#### SOURCE MATERIAL
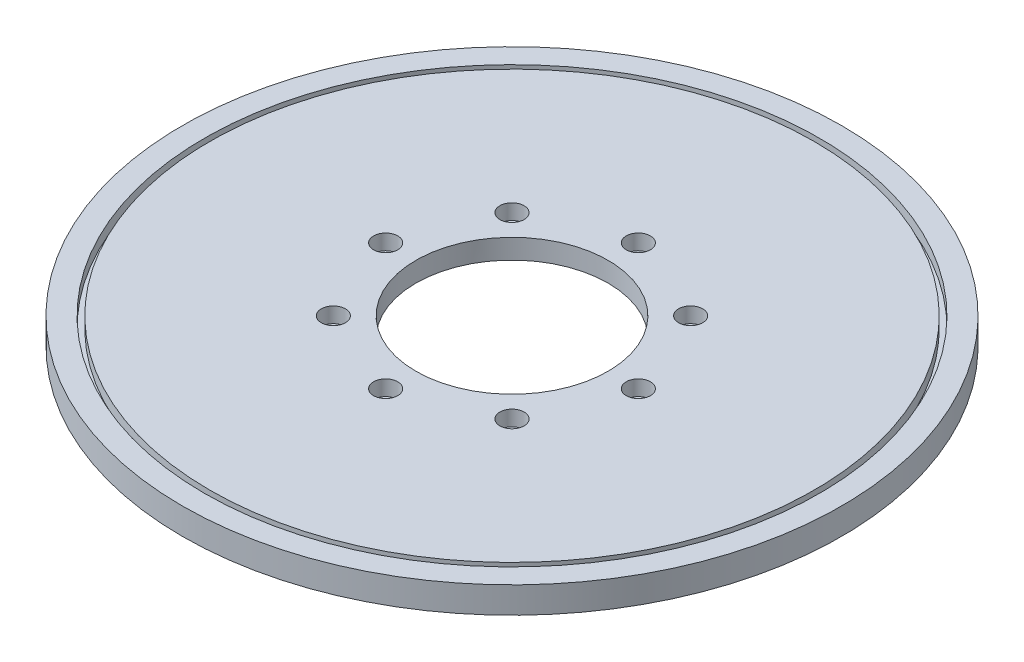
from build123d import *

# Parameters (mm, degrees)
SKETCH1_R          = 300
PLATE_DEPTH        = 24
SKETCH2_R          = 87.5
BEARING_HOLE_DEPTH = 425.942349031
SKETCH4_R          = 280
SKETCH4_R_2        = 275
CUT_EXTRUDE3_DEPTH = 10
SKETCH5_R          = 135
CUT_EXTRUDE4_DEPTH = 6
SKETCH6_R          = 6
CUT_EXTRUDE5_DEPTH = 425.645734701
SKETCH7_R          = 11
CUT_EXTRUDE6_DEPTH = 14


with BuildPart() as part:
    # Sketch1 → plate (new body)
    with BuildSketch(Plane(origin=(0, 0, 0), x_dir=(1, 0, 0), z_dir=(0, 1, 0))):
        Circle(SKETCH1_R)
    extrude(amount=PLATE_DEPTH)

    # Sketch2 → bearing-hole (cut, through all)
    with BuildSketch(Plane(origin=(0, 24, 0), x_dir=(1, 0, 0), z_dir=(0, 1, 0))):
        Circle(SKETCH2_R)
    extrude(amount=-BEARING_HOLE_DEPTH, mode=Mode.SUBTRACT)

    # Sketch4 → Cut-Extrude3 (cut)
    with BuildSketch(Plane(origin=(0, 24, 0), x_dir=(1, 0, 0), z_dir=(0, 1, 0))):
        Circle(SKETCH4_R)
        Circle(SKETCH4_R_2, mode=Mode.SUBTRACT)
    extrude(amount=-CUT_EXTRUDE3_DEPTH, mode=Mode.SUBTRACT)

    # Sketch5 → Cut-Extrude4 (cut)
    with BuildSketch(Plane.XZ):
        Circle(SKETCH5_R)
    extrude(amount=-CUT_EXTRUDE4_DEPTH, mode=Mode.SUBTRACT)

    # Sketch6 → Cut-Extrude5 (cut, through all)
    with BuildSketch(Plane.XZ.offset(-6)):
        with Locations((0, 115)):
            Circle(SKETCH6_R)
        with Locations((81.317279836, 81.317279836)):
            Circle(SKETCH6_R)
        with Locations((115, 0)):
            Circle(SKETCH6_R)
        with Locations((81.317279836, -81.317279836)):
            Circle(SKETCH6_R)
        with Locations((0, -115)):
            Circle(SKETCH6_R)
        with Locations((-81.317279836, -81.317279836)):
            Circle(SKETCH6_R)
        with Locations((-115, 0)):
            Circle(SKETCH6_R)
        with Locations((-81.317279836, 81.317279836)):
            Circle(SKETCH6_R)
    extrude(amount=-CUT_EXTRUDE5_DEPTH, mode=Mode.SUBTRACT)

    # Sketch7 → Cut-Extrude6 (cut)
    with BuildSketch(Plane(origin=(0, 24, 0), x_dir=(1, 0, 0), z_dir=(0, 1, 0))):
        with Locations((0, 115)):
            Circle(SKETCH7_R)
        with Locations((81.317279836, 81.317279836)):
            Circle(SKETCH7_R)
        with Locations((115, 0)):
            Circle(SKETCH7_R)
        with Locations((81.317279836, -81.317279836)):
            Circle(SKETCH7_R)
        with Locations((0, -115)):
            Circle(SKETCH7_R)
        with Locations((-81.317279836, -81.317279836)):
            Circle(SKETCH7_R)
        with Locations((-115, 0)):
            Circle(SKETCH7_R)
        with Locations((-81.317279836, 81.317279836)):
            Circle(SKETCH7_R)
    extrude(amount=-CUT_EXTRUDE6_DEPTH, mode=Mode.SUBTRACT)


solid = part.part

#### TASK INSTRUCTIONS
Pictures are to be omitted; otherwise, every line from the first line of the listing through the line containing "with BuildPart() as" must be reproduced exactly, both ends included.

#### SOLUTION TO THE PROBLEM
from build123d import *

# Parameters (mm, degrees)
SKETCH1_R          = 300
PLATE_DEPTH        = 24
SKETCH2_R          = 87.5
BEARING_HOLE_DEPTH = 425.942349031
SKETCH4_R          = 280
SKETCH4_R_2        = 275
CUT_EXTRUDE3_DEPTH = 10
SKETCH5_R          = 135
CUT_EXTRUDE4_DEPTH = 6
SKETCH6_R          = 6
CUT_EXTRUDE5_DEPTH = 425.645734701
SKETCH7_R          = 11
CUT_EXTRUDE6_DEPTH = 14


with BuildPart() as part:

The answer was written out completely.